Richard Mellor
Afscme Local 444, retired
I'm publishing this commentary below again given the defeat for organized labor in the Janus case which was expected. The decline of organized labor's power is not due to the immense power of the bosses but the failure of the heads of organized labor to counter the years long assault on unionized workers and workers in general. Why are we surprised? Since the defeat of Patco and the refusal of the labor officialdom to react to it, the bosses saw they had the green light and went further on the offensive.
Weakness breeds aggression and the bosses rode that horse hard.
The union officiadom's failure to bring the power of organized labor to bear during the heroic efforts in the 1980's to drive back the capitalist offensive by UFCW Local P9 in the Hormel struggle, Eastern Airlines, two Greyhound strikes, public sector strikes and the Detroit Newspaper strike, the great battle in Decatur described aptly as the War Zone, and on in to the 1990's with the Pittson strike and more. This is what laid the groundwork for all the defeats since, including in the courts and the Janus legislation. The US ruling class does not fear the union leadership. They have cooperated to the extent that the bosses do not even need them any more.

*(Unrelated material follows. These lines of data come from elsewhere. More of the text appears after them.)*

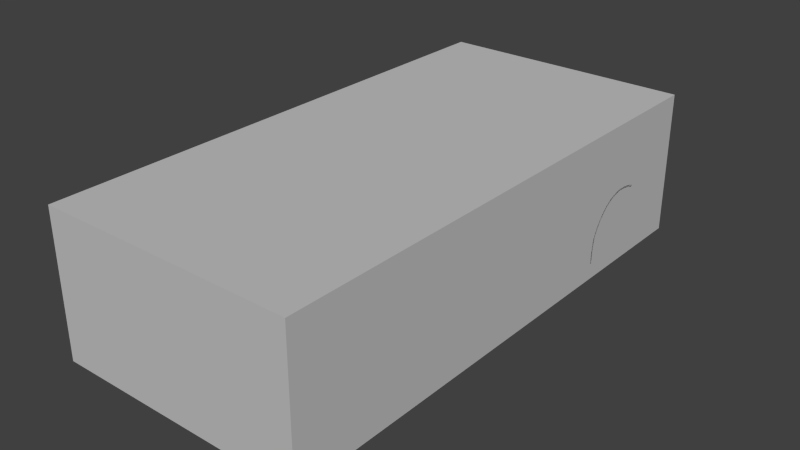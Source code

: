 # Source: car4.blend  (saved by Blender 2.81.16; exported with 4.5.12 LTS)
import bpy
from mathutils import Matrix  # noqa: F401  (used for matrix-valued properties, if any)

bpy.ops.wm.read_factory_settings(use_empty=True)
scene = bpy.context.scene
scene.name = 'Scene'

# ---- collections
col_collection_1 = bpy.data.collections.new('Collection 1'); scene.collection.children.link(col_collection_1)

# ---- materials (node trees are filled in below, after node groups)
mat_material___eeeeee = bpy.data.materials.new('Material [#eeeeee]')
mat_material___eeeeee.alpha_threshold = 0.0
mat_material___eeeeee.use_transparent_shadow = False
mat_material___eeeeee.diffuse_color = (0.5488, 0.5488, 0.5488, 1.0)
mat_material___eeeeee.roughness = 0.5
mat_other___ffff00 = bpy.data.materials.new('other [#FFFF00]')
mat_other___ffff00.alpha_threshold = 0.0
mat_other___ffff00.use_transparent_shadow = False
mat_other___ffff00.diffuse_color = (0.8, 0.7246, 0.3039, 1.0)
mat_other___ffff00.roughness = 0.5
mat_other___ffff00.specular_intensity = 0.0
mat_metal___dddddd = bpy.data.materials.new('metal [#dddddd]')
mat_metal___dddddd.alpha_threshold = 0.0
mat_metal___dddddd.use_transparent_shadow = False
mat_metal___dddddd.diffuse_color = (0.3335, 0.3708, 0.3931, 1.0)
mat_metal___dddddd.roughness = 0.5
mat_metal___dddddd.specular_intensity = 1.0

# ---- material node trees

# ---- world
world_world = bpy.data.worlds.new('World'); scene.world = world_world
world_world.color = (0.05088, 0.05088, 0.05088)
world_world.use_sun_shadow = False
world_world.sun_shadow_jitter_overblur = 0.0
world_world.cycles.sampling_method = 'NONE'
world_world.cycles.sample_map_resolution = 256

# ---- meshes
me_collision = bpy.data.meshes.new('collision')
me_collision.from_pydata([(-0.8789, -1.81, -0.1976), (-0.8789, -1.81, 0.7895), (-0.8789, 1.796, 0.7895), (-0.8789, 1.796, -0.1976), (0.8789, -1.81, -0.1976), (0.8789, -1.81, 0.7895), (0.8789, 1.796, 0.7895), (0.8789, 1.796, -0.1976)], [], [(1, 3, 0), (2, 6, 7), (2, 7, 3), (3, 7, 4), (3, 4, 0), (7, 6, 5), (7, 5, 4), (4, 5, 1), (4, 1, 0), (5, 6, 2), (1, 2, 3), (5, 2, 1)])
me_collision.materials.append(mat_material___eeeeee)
me_collision.materials.append(mat_other___ffff00)
me_collision.materials.append(mat_metal___dddddd)
me_collision.use_remesh_preserve_volume = False
me_collision.use_remesh_preserve_attributes = False
me_collision.use_mirror_vertex_groups = False
me_collision.auto_texspace = False
me_collision.update()
me_chassis = bpy.data.meshes.new('chassis')
me_chassis.from_pydata([(0.8426, -0.9675, 0.3357), (0.8426, -1.108, 0.3363), (0.8426, -1.263, 0.2571), (0.8426, -1.323, 0.1885), (0.8222, -1.376, -0.1783), (0.8438, -0.6994, 0.04228), (0.8426, -0.7518, 0.1906), (0.8426, -0.8446, 0.2835), (0.8079, 0.5149, 0.3487), (-0.0001149, -0.9952, 0.3651), (-0.0005289, -1.245, 0.3225), (0.2924, -1.799, 0.05741), (0.8426, -1.371, 0.05535), (0.8752, 1.507, 0.1449), (0.8789, 0.8658, 0.04974), (0.8789, 1.438, 0.2416), (0.8789, 1.323, 0.314), (0.8789, 1.195, 0.3391), (0.8789, 0.961, 0.2353), (0.8789, 0.8863, 0.1262), (-3.822e-06, -0.2315, 0.691), (1.403e-06, 0.06542, 0.7716), (-5.145e-05, 0.2582, 0.7895), (-6.182e-06, 0.6516, 0.7649), (0.7769, 0.7884, 0.4044), (0.7554, -0.1748, 0.3434), (0.7824, 0.9996, 0.4272), (-1.465e-05, -1.81, 0.05629), (0.8789, 0.8606, -0.08541), (0.8489, 0.9355, 0.2613), (0.8457, 1.558, 0.06898), (0.7635, 0.2414, 0.356), (0.376, 0.06826, 0.7583), (0.7898, -1.476, -0.1774), (0.7656, -1.551, -0.1895), (-0.0004003, -1.453, 0.2755), (-0.0002718, -1.615, 0.229), (-0.0001432, -1.746, 0.1719), (0.2919, -0.9703, 0.3658), (0.2919, -1.238, 0.3236), (0.292, -1.447, 0.2755), (0.2921, -1.607, 0.229), (0.2923, -1.739, 0.1719), (0.8344, -1.376, -0.08966), (0.8438, -0.6927, -0.06798), (0.1242, -0.9952, 0.3651), (0.5923, -0.8018, 0.3658), (0.6812, -0.6576, 0.3658), (0.7226, -0.3965, 0.3527), (0.7915, -0.6576, 0.3527), (0.805, -0.8347, 0.3663), (0.7928, 0.5149, 0.3638), (0.8142, -0.1748, -0.06798), (0.8223, 0.2414, -0.06798), (0.7637, -0.5778, 0.3569), (0.7816, -0.3965, 0.3357), (0.7336, -0.1748, 0.351), (0.744, 0.2414, 0.3586), (0.7554, -0.3965, 0.3467), (0.7872, -0.5778, 0.3458), (0.7908, -0.9638, 0.3773), (0.8125, -0.9638, 0.3686), (0.8301, -0.9638, 0.3508), (0.7939, -1.111, 0.3682), (0.8164, -1.111, 0.3596), (0.8313, -1.111, 0.3499), (0.6885, -1.571, 0.1724), (0.7709, 0.5149, 0.3741), (0.7843, 0.2414, 0.3457), (0.7848, -0.8347, 0.3773), (0.7301, -0.9638, 0.3773), (0.7158, -1.111, 0.3682), (0.798, 0.6516, 0.379), (0.8377, -1.273, 0.2697), (0.8368, -1.399, 0.05632), (0.8268, -0.6823, 0.04415), (0.8266, -0.7374, 0.1999), (0.8286, -0.8347, 0.2974), (0.841, -0.6734, -0.06798), (0.8322, -0.6756, -0.0231), (0.837, -1.337, 0.1978), (0.8153, -1.411, -0.1783), (0.8279, -0.5778, -0.06798), (0.8197, -0.3965, -0.06798), (0.7951, 0.2414, 0.04922), (0.787, -0.1748, 0.04922), (0.7925, -0.3965, 0.04922), (0.8007, -0.5778, 0.04922), (0.8087, -0.6375, 0.04922), (0.8116, -0.7041, 0.2195), (0.833, -0.6275, -0.06798), (0.8166, -0.63, -0.0192), (0.7778, 0.05977, 0.3396), (0.7971, -0.1748, -0.0192), (0.8027, -0.3965, -0.0192), (0.8109, -0.5778, -0.0192), (0.8053, 0.2414, -0.0192), (0.6972, -1.596, 0.1466), (0.6237, -1.675, 0.1454), (0.6159, -1.639, 0.1706), (0.5886, -1.519, 0.2259), (-8.535e-05, -1.783, 0.1468), (0.2923, -1.776, 0.1468), (0.4885, -1.232, 0.314), (0.4929, -1.424, 0.2637), (-0.0002075, -1.681, 0.2033), (0.5104, -1.625, 0.2019), (0.2922, -1.673, 0.2033), (0.4885, -0.9782, 0.3614), (0.7181, -0.9638, 0.3735), (0.6951, -1.111, 0.3613), (0.7009, -0.9638, 0.3643), (0.688, -0.9638, 0.3614), (0.6736, -1.111, 0.3555), (0.2919, -0.9882, 0.3632), (0.4885, -1.111, 0.3481), (0.5013, -1.566, 0.223), (0.7963, -1.48, 0.129), (0.7872, -1.472, 0.1466), (0.6022, -1.574, 0.2019), (0.5196, -1.69, 0.1706), (0.2919, -1.113, 0.3434), (-0.0003219, -1.12, 0.3438), (0.7409, -0.8347, 0.3773), (0.7288, -0.8347, 0.376), (0.714, -0.8347, 0.3679), (0.7012, -0.8347, 0.3648), (0.7546, -0.7374, 0.3706), (0.7314, -0.7374, 0.3689), (0.7218, -0.7365, 0.367), (0.7703, -0.6576, 0.3638), (0.7761, -0.1748, 0.3352), (0.7918, 0.2414, 0.2135), (0.7836, -0.1748, 0.2033), (0.7891, -0.3965, 0.2069), (0.7974, -0.5778, 0.213), (0.4885, -0.8864, 0.3658), (0.3902, -0.9355, 0.3658), (0.7627, -0.6576, 0.3638), (0.5852, -1.23, 0.323), (0.5852, -1.111, 0.3487), (0.5883, -0.971, 0.3614), (0.5903, -0.8347, 0.366), (0.75, -0.5778, 0.3569), (0.741, -0.6576, 0.3648), (0.703, -0.5778, 0.3627), (0.6507, -0.7244, 0.3658), (0.1242, -0.2315, 0.691), (0.376, -0.2144, 0.691), (0.4743, -0.1765, 0.6884), (0.5984, 0.05977, 0.691), (0.6115, 0.2647, 0.6957), (0.8789, 0.8606, -0.06798), (0.8512, 0.837, 0.04922), (0.8592, 0.8301, -0.06798), (0.8547, 0.8301, -0.0192), (0.8322, 0.7884, 0.04922), (0.8472, 0.7884, -0.06798), (0.8363, 0.7884, -0.0192), (0.8146, 0.5149, -0.0192), (0.8044, 0.5149, 0.04922), (0.8316, 0.5149, -0.06798), (0.8011, 0.5149, 0.2135), (0.8289, 0.7884, 0.2135), (0.2919, -0.225, 0.691), (0.1242, 0.06542, 0.7716), (0.1241, 0.2582, 0.7895), (0.1241, 0.6516, 0.7653), (0.2919, 0.0719, 0.764), (0.2918, 0.2647, 0.7818), (0.2919, 0.6516, 0.7601), (0.378, 0.2647, 0.7705), (0.5143, 0.2647, 0.7389), (0.5095, 0.06317, 0.7308), (0.6131, 0.3898, 0.6924), (0.7805, 1.196, 0.4395), (0.8086, 0.9996, 0.4161), (0.8093, 1.196, 0.4289), (0.8347, 1.196, 0.402), (0.8466, 1.195, 0.3694), (0.8476, 1.334, 0.342), (0.8487, 1.454, 0.2629), (0.8225, -0.7051, -0.1663), (0.848, 0.8518, 0.1369), (0.8225, -0.7051, -0.1852), (0.8059, -0.6927, -0.1908), (0.8438, -0.7051, -0.08541), (0.8438, -0.7051, -0.06798), (0.8344, -1.364, -0.08966), (0.8427, -1.36, 0.05271), (0.8427, -0.8516, 0.2731), (0.8427, -0.7621, 0.1836), (0.8438, -0.7116, 0.04059), (0.8222, -1.364, -0.1783), (0.8427, -1.313, 0.1814), (0.833, 0.9071, 0.2892), (0.8325, 1.348, 0.3784), (0.8275, 1.48, 0.291), (0.7697, 1.348, 0.4399), (0.7967, 1.348, 0.4239), (0.8233, 1.348, 0.3975), (0.76, 1.48, 0.4351), (0.7887, 1.48, 0.4115), (0.8131, 1.48, 0.3749), (0.7495, 1.56, 0.4286), (0.7785, 1.564, 0.3955), (0.8012, 1.566, 0.3501), (0.8487, 1.536, 0.1452), (0.8716, 1.532, 0.06932), (0.679, 1.614, 0.4489), (0.378, 1.66, 0.4942), (0.378, 1.695, 0.4867), (1.091e-05, 1.673, 0.4992), (1.091e-05, 1.708, 0.4944), (0.779, 1.651, 0.1244), (0.8185, 1.566, 0.2751), (0.1242, 1.721, 0.3455), (0.5342, 1.652, 0.479), (0.8455, 1.537, -0.1513), (0.8297, 1.566, 0.1773), (0.6411, -0.4884, 0.461), (0.7467, 1.196, 0.4434), (0.7392, 1.348, 0.4467), (0.5311, 1.574, 0.4843), (-2.949e-05, 0.5149, 0.7819), (0.1241, 0.5149, 0.7819), (0.2919, 0.5149, 0.7742), (-4.047e-05, 0.3898, 0.7889), (0.2918, 0.3898, 0.7813), (0.1241, 0.3898, 0.7889), (-1.21e-06, -0.08303, 0.734), (0.1242, -0.08303, 0.734), (0.2919, -0.07656, 0.7302), (0.376, -0.07307, 0.7273), (0.6131, 0.5149, 0.6887), (0.378, 0.3898, 0.7699), (0.5134, 0.3898, 0.7404), (0.378, 0.5149, 0.7629), (0.5164, 0.5149, 0.7333), (0.613, 0.6516, 0.6791), (0.0, 0.7884, 0.7425), (0.1242, 0.7884, 0.7425), (0.6176, 0.7884, 0.6611), (0.5151, 0.6516, 0.7198), (0.5151, 0.7884, 0.6989), (0.2919, 0.7884, 0.7391), (0.378, 0.6516, 0.749), (0.378, 0.7884, 0.7298), (1.091e-05, 1.589, 0.504), (0.378, 1.579, 0.499), (0.6217, 1.196, 0.5211), (0.627, 1.48, 0.4736), (0.6256, 1.348, 0.4861), (0.6195, 0.9996, 0.5981), (0.5095, -0.06413, 0.7062), (0.7467, 0.9996, 0.433), (0.7467, 0.7884, 0.4107), (0.7467, 0.5149, 0.3765), (0.7598, 0.05977, 0.3484), (0.8031, 0.7884, 0.3934), (0.8182, 0.05977, -0.06798), (0.7402, 0.05977, 0.3523), (0.791, 0.05977, 0.04922), (0.8012, 0.05977, -0.0192), (0.7853, 0.05977, 0.2084), (0.7786, 1.545, -0.1536), (0.6035, -0.07365, 0.6377), (0.5151, 1.196, 0.5589), (0.7062, 1.559, 0.4519), (0.5151, 1.348, 0.5152), (0.5151, 0.9996, 0.6358), (0.5151, 1.48, 0.4944), (0.7304, 1.48, 0.4506), (0.6727, -0.4284, 0.4579), (0.5941, -0.3152, 0.5693), (0.6273, -0.264, 0.5661), (0.551, -0.1963, 0.6514), (0.5838, -0.1406, 0.6482), (0.694, -0.533, 0.3912), (0.6692, -0.6068, 0.3944), (0.7079, -0.5416, 0.3607), (0.5783, -0.07365, 0.6696), (0.5169, -0.175, 0.6745), (0.6428, 0.7884, 0.6292), (0.6655, 0.7884, 0.5758), (0.6652, 1.348, 0.4698), (0.6594, 1.196, 0.4909), (0.6412, 1.196, 0.5097), (0.6444, 0.9996, 0.5785), (0.6667, 0.9996, 0.5393), (0.729, 0.9996, 0.4411), (0.729, 0.7884, 0.4222), (0.7126, 0.9996, 0.4612), (0.7126, 0.7884, 0.453), (0.729, 1.196, 0.4472), (0.7216, 1.348, 0.4518), (0.7115, 1.196, 0.4542), (0.6236, 0.05977, 0.6591), (1.091e-05, 1.48, 0.5119), (0.378, 1.48, 0.5061), (0.6367, 0.2647, 0.6638), (0.6382, 0.3898, 0.6606), (0.6382, 0.5149, 0.6568), (0.6382, 0.6516, 0.6472), (0.1242, 1.706, 0.4936), (0.7931, 1.639, 0.01269), (0.1242, 1.671, 0.4994), (0.1242, 1.586, 0.5042), (0.2919, 1.665, 0.4972), (0.2919, 1.581, 0.502), (0.2919, 1.7, 0.4899), (0.8045, 1.616, 0.1543), (0.2919, 1.48, 0.5095), (0.6803, 1.48, 0.463), (0.1242, 1.48, 0.5111), (0.7266, 1.615, 0.4185), (0.7576, 1.617, 0.3754), (0.7782, 1.619, 0.3216), (0.7953, 1.619, 0.2521), (0.705, 1.649, 0.4087), (0.7321, 1.652, 0.3572), (0.7502, 1.654, 0.294), (0.7648, 1.655, 0.2232), (0.6245, 1.684, 0.4352), (0.6686, 1.683, 0.3973), (0.7016, 1.683, 0.3427), (0.7421, 1.68, 0.2047), (0.7259, 1.682, 0.2747), (0.5792, 1.686, 0.4604), (0.5349, 1.689, 0.4721), (0.627, 1.565, 0.4683), (0.5765, 1.65, 0.4654), (0.627, 1.613, 0.4616), (1.091e-05, 1.723, 0.3463), (0.3844, 1.71, 0.3386), (0.7584, 1.676, 0.107), (0.8205, 1.607, 0.04599), (0.7741, 1.664, -0.00138), (0.8031, 1.612, -0.1341), (0.8172, 1.575, -0.1454), (0.7889, 1.64, -0.1081), (0.2919, 1.715, 0.3419), (0.6058, -0.1555, 0.6168), (0.378, 1.728, 0.3087), (1.091e-05, 1.741, 0.3012), (0.2919, 1.733, 0.3049), (0.1242, 1.739, 0.3004), (0.6545, 1.647, 0.442), (0.378, 1.763, 0.2955), (1.091e-05, 1.78, 0.2838), (0.2919, 1.772, 0.2875), (0.1242, 1.778, 0.283), (0.5347, 1.737, 0.3305), (0.4618, 1.72, 0.319), (0.4606, 1.752, 0.3094), (0.378, 1.763, 0.107), (1.091e-05, 1.78, 0.1114), (0.2919, 1.772, 0.107), (0.1242, 1.778, 0.1106), (0.4467, 1.752, 0.107), (0.6666, 1.701, 0.107), (0.5153, 1.739, 0.107), (0.5336, 1.739, 0.2984), (0.6822, 1.694, 0.2747), (0.4593, 1.752, 0.2979), (0.378, 1.763, 0.2047), (0.4467, 1.752, 0.2047), (0.2919, 1.772, 0.2047), (1.091e-05, 1.78, 0.2047), (0.1242, 1.778, 0.2047), (0.6735, 1.697, 0.2047), (0.5238, 1.739, 0.2047), (0.6619, 1.704, -0.0473), (0.5153, 1.755, 0.005006), (0.378, 1.779, 0.02335), (1.091e-05, 1.796, 0.02688), (0.2919, 1.788, 0.02516), (0.1242, 1.794, 0.02626), (0.5153, 1.755, -0.01159), (0.378, 1.779, 0.006752), (1.091e-05, 1.796, 0.01029), (0.2919, 1.788, 0.008568), (0.1242, 1.794, 0.009667), (0.6619, 1.704, -0.0639), (0.4467, 1.77, 0.01677), (0.4467, 1.77, 0.0001706), (0.5919, 1.732, -0.01829), (0.5919, 1.732, -0.03489), (0.5956, 1.723, 0.107), (0.6076, 1.719, 0.2866), (0.6015, 1.721, 0.2047), (0.5153, 1.729, -0.01159), (0.378, 1.75, 0.006752), (1.091e-05, 1.767, 0.01029), (0.2919, 1.759, 0.008568), (0.1242, 1.765, 0.009667), (0.6619, 1.683, -0.0639), (0.4467, 1.742, 0.0001706), (0.5919, 1.706, -0.03489), (0.5192, 1.554, -0.1035), (0.3819, 1.554, -0.06714), (0.0, 1.554, -0.06714), (0.3819, 1.359, -0.1312), (0.128, 1.554, -0.06714), (0.6657, 1.554, -0.1459), (0.4505, 1.554, -0.07692), (0.5957, 1.554, -0.1294), (0.7752, 0.6516, 0.3901), (0.8066, -0.6576, 0.3376), (0.8237, 0.6516, -0.0192), (0.8385, 0.6516, -0.06798), (0.811, 0.6516, 0.2135), (0.8151, 0.6516, 0.04922), (0.7467, 0.6516, 0.3936), (0.729, 0.6516, 0.4071), (0.7126, 0.6516, 0.4404), (0.6609, 0.6516, 0.5938), (0.5352, 1.708, 0.3378), (0.5941, 1.718, 0.3562), (-0.0003792, 1.764, 0.1114), (0.2915, 1.756, 0.107), (0.1238, 1.763, 0.1106), (0.2915, 1.756, 0.2047), (-0.0003792, 1.764, 0.2047), (0.1238, 1.763, 0.2047), (0.8438, 1.547, -0.04232), (0.8214, 1.591, -0.0497), (0.7832, 1.655, -0.05472), (0.7982, 1.629, -0.05468), (0.8628, 1.537, -0.04101), (1.091e-05, 1.708, 0.4083), (0.5943, 1.695, 0.3612), (1.091e-05, 1.701, 0.4643), (0.385, 1.688, 0.4567), (0.3859, 1.695, 0.4006), (0.2919, 1.693, 0.4599), (0.2919, 1.7, 0.4038), (0.1242, 1.706, 0.4075), (0.1242, 1.699, 0.4636), (0.1461, -1.745, 0.1719), (0.1459, -1.613, 0.229), (0.1458, -1.452, 0.2755), (0.1457, -1.244, 0.3231), (0.1458, -1.119, 0.3436), (0.1461, -1.782, 0.1468), (0.146, -1.679, 0.2033), (0.6957, -1.638, -0.1891), (0.1462, -1.806, 0.05686), (0.1231, 0.7842, 0.7275), (0.0, 0.7842, 0.7275), (0.2909, 0.7842, 0.7241), (0.377, 0.7842, 0.7148), (0.514, 0.7842, 0.6839), (0.514, 1.192, 0.5439), (0.514, 1.344, 0.5002), (0.514, 0.9955, 0.6208), (0.514, 1.476, 0.4794), (0.2909, 1.476, 0.4945), (0.377, 1.476, 0.4911), (0.1231, 0.9955, 0.6685), (8.516e-07, 0.9955, 0.6685), (0.2909, 0.9955, 0.661), (0.377, 0.9955, 0.6518), (0.1231, 1.192, 0.5875), (8.516e-07, 1.192, 0.5875), (0.2909, 1.192, 0.5841), (0.377, 1.192, 0.5748), (0.1231, 1.344, 0.5246), (0.2909, 1.344, 0.5246), (8.516e-07, 1.344, 0.5246), (0.377, 1.344, 0.5195), (0.1231, 1.476, 0.4961), (-3.406e-06, 1.476, 0.4969), (-0.0001149, -0.9829, 0.353), (-3.822e-06, -0.2398, 0.6701), (0.2948, -0.9586, 0.3537), (0.1242, -0.9829, 0.353), (0.5871, -0.7947, 0.3537), (0.4861, -0.8771, 0.3537), (0.3904, -0.9248, 0.3537), (0.6439, -0.7194, 0.3537), (0.1242, -0.2398, 0.6701), (0.3766, -0.2232, 0.6701), (0.4723, -0.1863, 0.6701), (0.2948, -0.2335, 0.6701), (0.6345, -0.4898, 0.4463), (0.5888, -0.3212, 0.5517), (0.5469, -0.2055, 0.6315), (0.6619, -0.605, 0.3815), (0.5137, -0.1848, 0.6541), (0.729, 0.5149, 0.39), (0.716, -0.1748, 0.3597), (0.7226, 0.05977, 0.3619), (0.7274, 0.2414, 0.3709), (0.5895, -0.07365, 0.6377), (0.6588, -0.4284, 0.4579), (0.6133, -0.264, 0.5661), (0.68, -0.533, 0.3912), (0.6939, -0.5416, 0.3607), (0.6096, 0.05977, 0.6591), (0.6227, 0.2647, 0.6638), (0.6243, 0.3898, 0.6606), (0.6243, 0.5149, 0.6568), (0.5918, -0.1555, 0.6168), (0.7151, 0.5149, 0.39), (0.8284, -0.1748, -0.08541), (0.8366, 0.2414, -0.08541), (0.8459, -0.6734, -0.08541), (0.8422, -0.5778, -0.08541), (0.834, -0.3965, -0.08541), (0.8438, -0.6275, -0.08541), (0.8718, 0.8301, -0.08541), (0.8615, 0.7884, -0.08541), (0.8459, 0.5149, -0.08541), (0.8325, 0.05977, -0.08541), (0.8528, 0.6516, -0.08541), (0.8117, -0.1748, -0.1303), (0.8199, 0.2414, -0.1303), (0.8225, -0.6927, -0.1852), (0.8255, -0.5778, -0.1303), (0.8172, -0.3965, -0.1303), (0.8225, -0.6927, -0.1663), (0.8568, 0.8301, -0.1303), (0.8448, 0.7884, -0.1303), (0.8292, 0.5149, -0.1303), (0.8158, 0.05977, -0.1303), (0.836, 0.6516, -0.1303), (0.8071, -0.1748, -0.1663), (0.8153, 0.2414, -0.1663), (0.8209, -0.5778, -0.1663), (0.8127, -0.3965, -0.1663), (0.827, -0.6927, -0.1303), (0.8522, 0.8301, -0.1663), (0.8402, 0.7884, -0.1663), (0.8246, 0.5149, -0.1663), (0.8112, 0.05977, -0.1663), (0.8315, 0.6516, -0.1663), (0.8071, -0.1748, -0.1852), (0.8153, 0.2414, -0.1852), (0.8291, -0.6734, -0.1303), (0.8209, -0.5778, -0.1852), (0.8127, -0.3965, -0.1852), (0.8246, -0.6734, -0.1663), (0.8522, 0.8301, -0.1852), (0.8402, 0.7884, -0.1852), (0.8246, 0.5149, -0.1852), (0.8112, 0.05977, -0.1852), (0.8315, 0.6516, -0.1852), (0.8407, 0.8733, -0.1908), (0.8407, 0.8606, -0.1908), (0.8593, 0.8606, -0.1852), (0.8438, -0.6927, -0.08541), (0.8246, -0.6734, -0.1852), (0.8059, -0.6734, -0.1908), (0.8039, -0.6275, -0.1908), (0.7968, -0.3965, 0.3206), (0.8023, -0.5778, 0.3307), (0.7994, 0.2414, 0.3306), (0.8132, 0.6516, 0.3639), (0.793, 0.05977, 0.3244), (0.7912, -0.1748, 0.3201), (0.8182, 0.7884, 0.3783), (0.8159, 0.5149, 0.3272), (0.8146, -0.6576, 0.3161), (0.8047, -0.3965, 0.2991), (0.8103, -0.5778, 0.3092), (0.8063, 0.2414, 0.3091), (0.8211, 0.6516, 0.3424), (0.7998, 0.05977, 0.303), (0.7981, -0.1748, 0.2986), (0.8261, 0.7884, 0.3568), (0.8111, 0.5149, 0.3018), (0.8131, -0.6576, 0.2888), (0.7999, -0.3965, 0.2736), (0.8085, -0.5778, 0.2838), (0.8026, 0.2414, 0.2837), (0.8191, 0.6516, 0.3169), (0.7961, 0.05977, 0.2775), (0.7944, -0.1748, 0.2731), (0.8257, 0.7884, 0.3313), (0.8201, -0.8347, 0.3512), (0.8281, -0.8347, 0.3297), (0.8249, 1.196, 0.4172), (0.8237, 0.9996, 0.401), (0.8316, 0.9996, 0.3795), (0.8789, 1.031, 0.2913), (0.8482, 1.021, 0.3267), (0.8343, 1.001, 0.3606), (0.8789, 1.105, 0.3243), (0.8475, 1.097, 0.3577), (0.8348, 1.086, 0.3931), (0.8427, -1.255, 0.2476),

West Virginia and the teachers struggles frightened the labor hierarchy. They were sidelined or were secondary factors in a rank and file rebellion that was made possible by the very fact that the established leadership were overruled, were weak or non existent. It showed that we can violate the bosses anti-union, anti-worker laws and win. A new leadership is emerging
Unions were not built by the Mafia, lawyers, Hollywood celebrities or through the generosity of the two capitalist parties or their highest legislative body, the so-called Supreme Court, the capitalist equivalent of the Stalinist Politburo or whatever that regime's top legal body was.
Workers built unions by breaking their laws. It was the Civil Rights movement that eradicated some of the most blatant abuses in the Apartheid South. Black folks, women, the LGBQT community, immigrants, workers in general, all victims of the rule of capital, it was lawbreaking through mass action that forced the power to concede through legislative scribblings what was won in the streets.
Do not fret at the thought of a conservative Supreme Court, we owe nothing to them and cannot rely on them. Trump has laid the whip on the backs of workers and the poor and there will be a price to pay for this. The working class as a whole will be forced to respond as our backs are pushed against the wall. The coming movement against capital will not be pretty given the absence of leadership and the failure of the heads of organized labor to provide it. But the coming struggles will begin to draw in all sections of the class through victory and defeats as the working class begins to find its feet and new leadership emerges. The struggles that have been isolated and alone to a great extent will have somewhere to go. It is my view that in times of heightened class struggle workers tend to seek class allies and through this process forced on us objectively, divisions used by the bosses to weaken our unity, racism, sexism, etc. tend to be overcome. Nothing is guaranteed, and a lot is dependent on leadership.
I do not accept as the truth when some activists ascribe to a philosophy that says there are no leaders; someone called the damn meeting.
There have been huge struggles, I have mentioned them many times in this space. We must build on them and the recent major offensive of workers in the education sector. This, and the building of a political party of working class people is the way out, not hoping in quiet desperation that a bunch of old bourgeois will save us. If we are strong, they'll change the law and when we are strongest, we can change society. This is about social power not morality.
Here's the previous piece written before the Janus decision.
Following West Virginia's Lead Will Defeat Janus and the Bosses' Courts.
By Richard Mellor
Afscme
Local 444, retired
“This deprivation of resources didn’t happen overnight; it’s the result of harmful policies that have prioritized testing, school budget cuts, tax breaks for the wealthy and top-down education mandates over listening to educators and valuing what they, their students, parents and communities need when it comes to resources and support for teaching and learning. That is why we are so grateful to Leaders Schumer and Pelosi, Ranking Members Murray and Scott, and Democrats in Congress—because they get it.” Randi Weingarten AFT President. (Emphasis added)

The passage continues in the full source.